A confusion matrix is your basic display of results. This is for your training data.

# Confusion Matrix
from sklearn.metrics import confusion_matrix
y_train_pred = gridClf.predict(X_train)
print( "Confusion matrix: Training")
confusion_matrix(y_train, y_train_pred)
Confusion matrix: Training
array([[255, 149],
       [146, 250]])

This confusion matrix is for your test data.
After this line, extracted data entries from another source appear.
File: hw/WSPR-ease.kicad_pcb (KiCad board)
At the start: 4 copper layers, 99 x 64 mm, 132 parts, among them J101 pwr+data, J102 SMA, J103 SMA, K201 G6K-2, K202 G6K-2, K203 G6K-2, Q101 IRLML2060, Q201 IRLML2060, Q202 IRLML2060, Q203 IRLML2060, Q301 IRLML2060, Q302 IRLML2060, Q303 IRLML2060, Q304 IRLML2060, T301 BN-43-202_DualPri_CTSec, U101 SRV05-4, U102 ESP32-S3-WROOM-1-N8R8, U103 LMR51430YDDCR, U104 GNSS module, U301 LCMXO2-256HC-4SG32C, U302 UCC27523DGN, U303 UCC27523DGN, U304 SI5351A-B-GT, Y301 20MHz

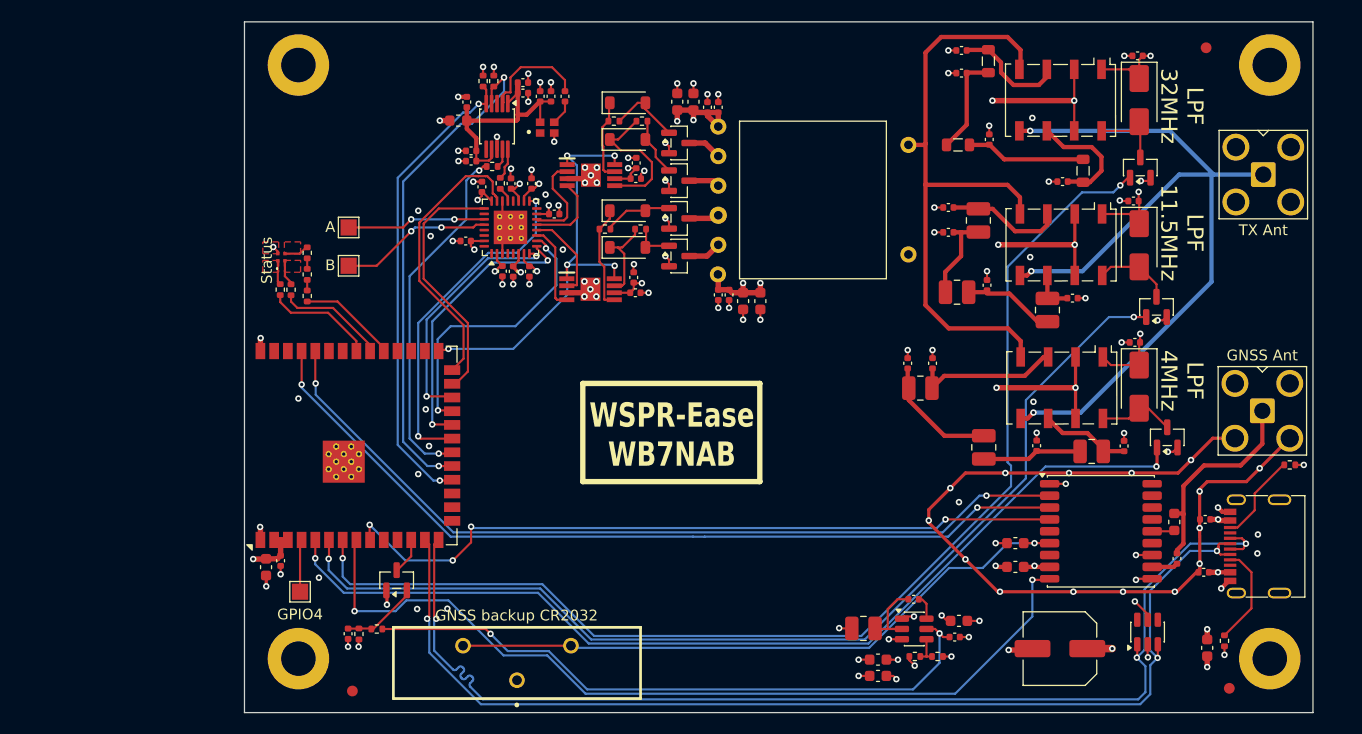
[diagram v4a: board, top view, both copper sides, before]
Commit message: Add stitched GND zone around edge of PCB on all layers and pretty up the mounting holes with vias as well.
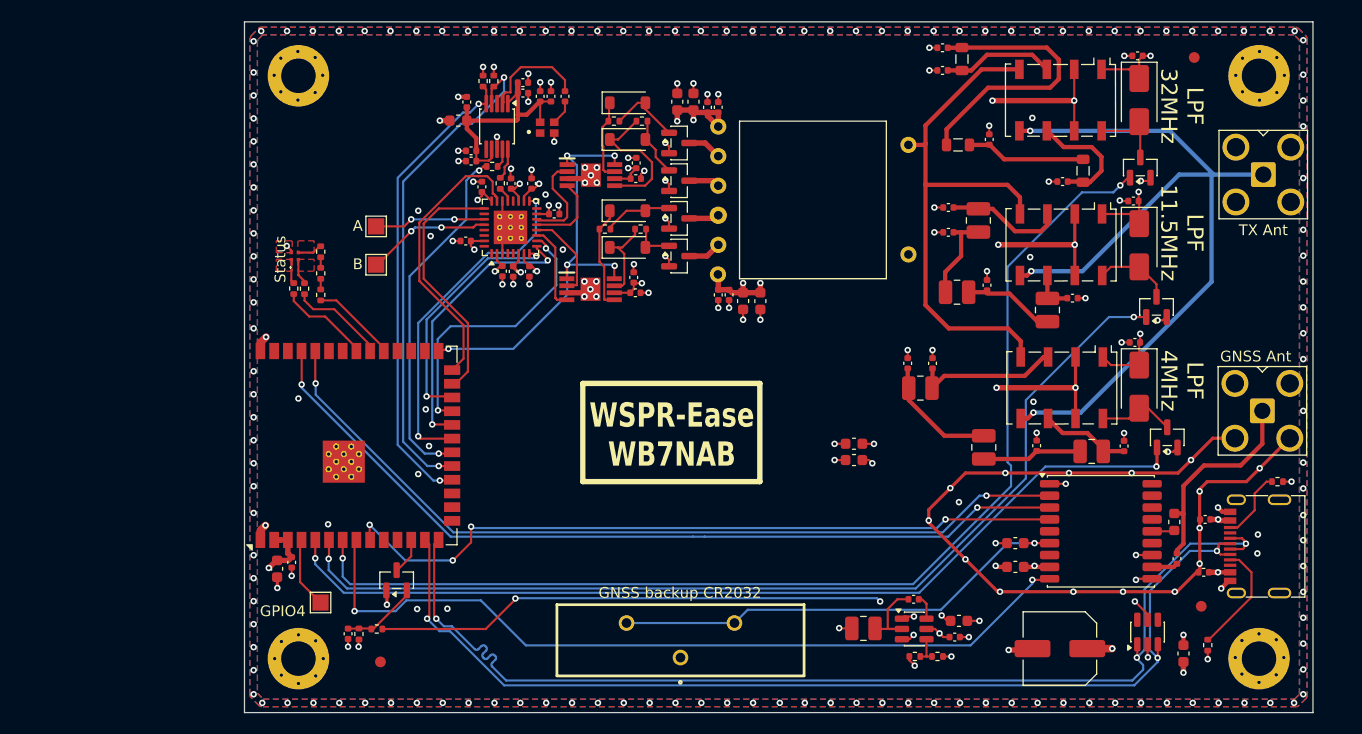
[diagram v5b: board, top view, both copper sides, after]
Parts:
- moved C115 20.1 mm to (106.1, 108.5)
- moved C114 20.1 mm to (106.1, 110.0)
- moved BT101 15.3 mm to (90.0, 126.7)
- moved FID101 8.03 mm to (138.2, 123.5)
- moved FID103 3.75 mm to (62.2, 128.7)
- moved C213 2.93 mm to (114.3, 71.8)
- moved TP301 2.55 mm to (61.8, 88.3)
- moved TP302 2.55 mm to (61.8, 91.9)
- moved C212 2.55 mm to (114.3, 73.9)
- moved L207 2.46 mm to (116.1, 72.8), turned to 90 degrees
- moved C103 2.26 mm to (136.6, 127.9)
- moved TP101 2.15 mm to (56.6, 123.2)
- moved R102 1.92 mm to (145.3, 112.0)
- moved R101 1.60 mm to (138.8, 127.2)
- moved FID102 1.42 mm to (137.6, 72.7)
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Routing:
- net Net-(C213-Pad1): track 9.08 -> 26.3 mm
- net Net-(U104-V_BCKP): track 59.4 -> 43.5 mm
- net VBUS: track 111.2 -> 101.4 mm, vias 17 -> 18
- net /Low Pass Filters/RFin: track 59.1 -> 51.6 mm
- net /gnssNRESET: track 81.1 -> 75.6 mm
- net /D-: track 102.6 -> 98.0 mm
- net /D+: track 106.8 -> 102.3 mm
- net /hiON: track 108.5 -> 104.5 mm
- net /midON: track 97.8 -> 93.9 mm
- net /loON: track 91.8 -> 87.9 mm
- net Net-(U301A-SCL/PCLKT0_0): track 14.1 -> 11.4 mm
- net Net-(U301A-SDA/PCLKC0_0): track 12.9 -> 10.3 mm
- net /hbBlu: track 10.1 -> 8.25 mm
- net Net-(U102-IO4): track 4.66 -> 6.45 mm
- net Net-(J101-CC2): track 8.24 -> 6.55 mm
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- added copper zone on B.Cu, net GND
- added copper zone on F.Cu, net GND
- added copper zone on In2.Cu, net GND

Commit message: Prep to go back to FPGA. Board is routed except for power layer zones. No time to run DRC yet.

y_pred = gridClf.predict(X_test)
print( "Confusion matrix: Testing")
confusion_matrix(y_test, y_pred)
Confusion matrix: Testing
array([[51, 45],
       [52, 52]])

After getting a general feel for the situation, look at the specific performance metrics you set, at the beginning of your problem statement. Ensure you hold yourself to this standard and do not change the solutions’ needs based on current results. For a complete listing of performance metrics, view the sklearn docs.

# Testing

#predictions for outcome labels
#Predict class probabilities for X.  The predicted class probabilities of an input sample are computed as the mean predicted
#class probabilities of the trees in the forest. The class probability of a single tree is the fraction of samples of the same
#class in a leaf.
y_class_prob = gridClf.predict_proba(X_test)                # called   predict_proba(), for some classifiers
y_prob = np.asarray( [x[1] for x in y_class_prob], dtype=np.float32)
threshold = 0                                               # set threshold
y_some_digit_pred = (y_prob > threshold)
print( "Average training probability: %0.3f" % np.mean(y_prob) )

#roc auc
from sklearn.metrics import roc_auc_score
print( "Area Under ROC Curve: %0.3f" % roc_auc_score(y_test, y_prob) )
Average training probability: 0.484
Area Under ROC Curve: 0.492

A variety of different plots can be used to explore model and result performance. The ROC Curve is one of the most fundamental, but several others are of importance. Performance graphs are explained in the sklearn docs.

log_y_prob = gridClf.decision_function(X_test) 

from sklearn import metrics
import numpy as np
import matplotlib.pyplot as plt

#plt.figure(0).clf()

#LogisticRegression  
y_prob = log_y_prob
fpr, tpr, thresh = metrics.roc_curve(y_test, y_prob)
auc = metrics.roc_auc_score(y_test, y_prob)
plt.plot(fpr,tpr,label="logistic reg, auc="+str(auc))


plt.xlabel('False Positive Rate')
plt.ylabel('True Positive Rate')
plt.title('Receiver operating characteristic')
plt.legend(loc=0)
plt.show()

png

Deliver

Save the model for future use, especially if you just spent a large amount of time getting the algorithm to converge.

from sklearn.externals import joblib
import os

cwd = os.getcwd()
file_path = cwd+'/Data/project/Models/'

#save the model to disk
filename = file_path+'finalized_model.sav'
joblib.dump(gridClf, filename)

Implement the model within the necessary solution system.

#in deployment application...
#load the model from disk
loaded_model = joblib.load(filename)
result = loaded_model.score(X_test, Y_test)
print(result)

Conclusion

In this work, we provide an orthodox approach to the ML Process. We list the stages involved and the steps for each, and align these with more traditional modeling and analysis processes. Demo code runs through the basic ideas. This code can be modified in order to automate processing in a separate environment, such as a deployed service. The complete process can be generalized to many situations.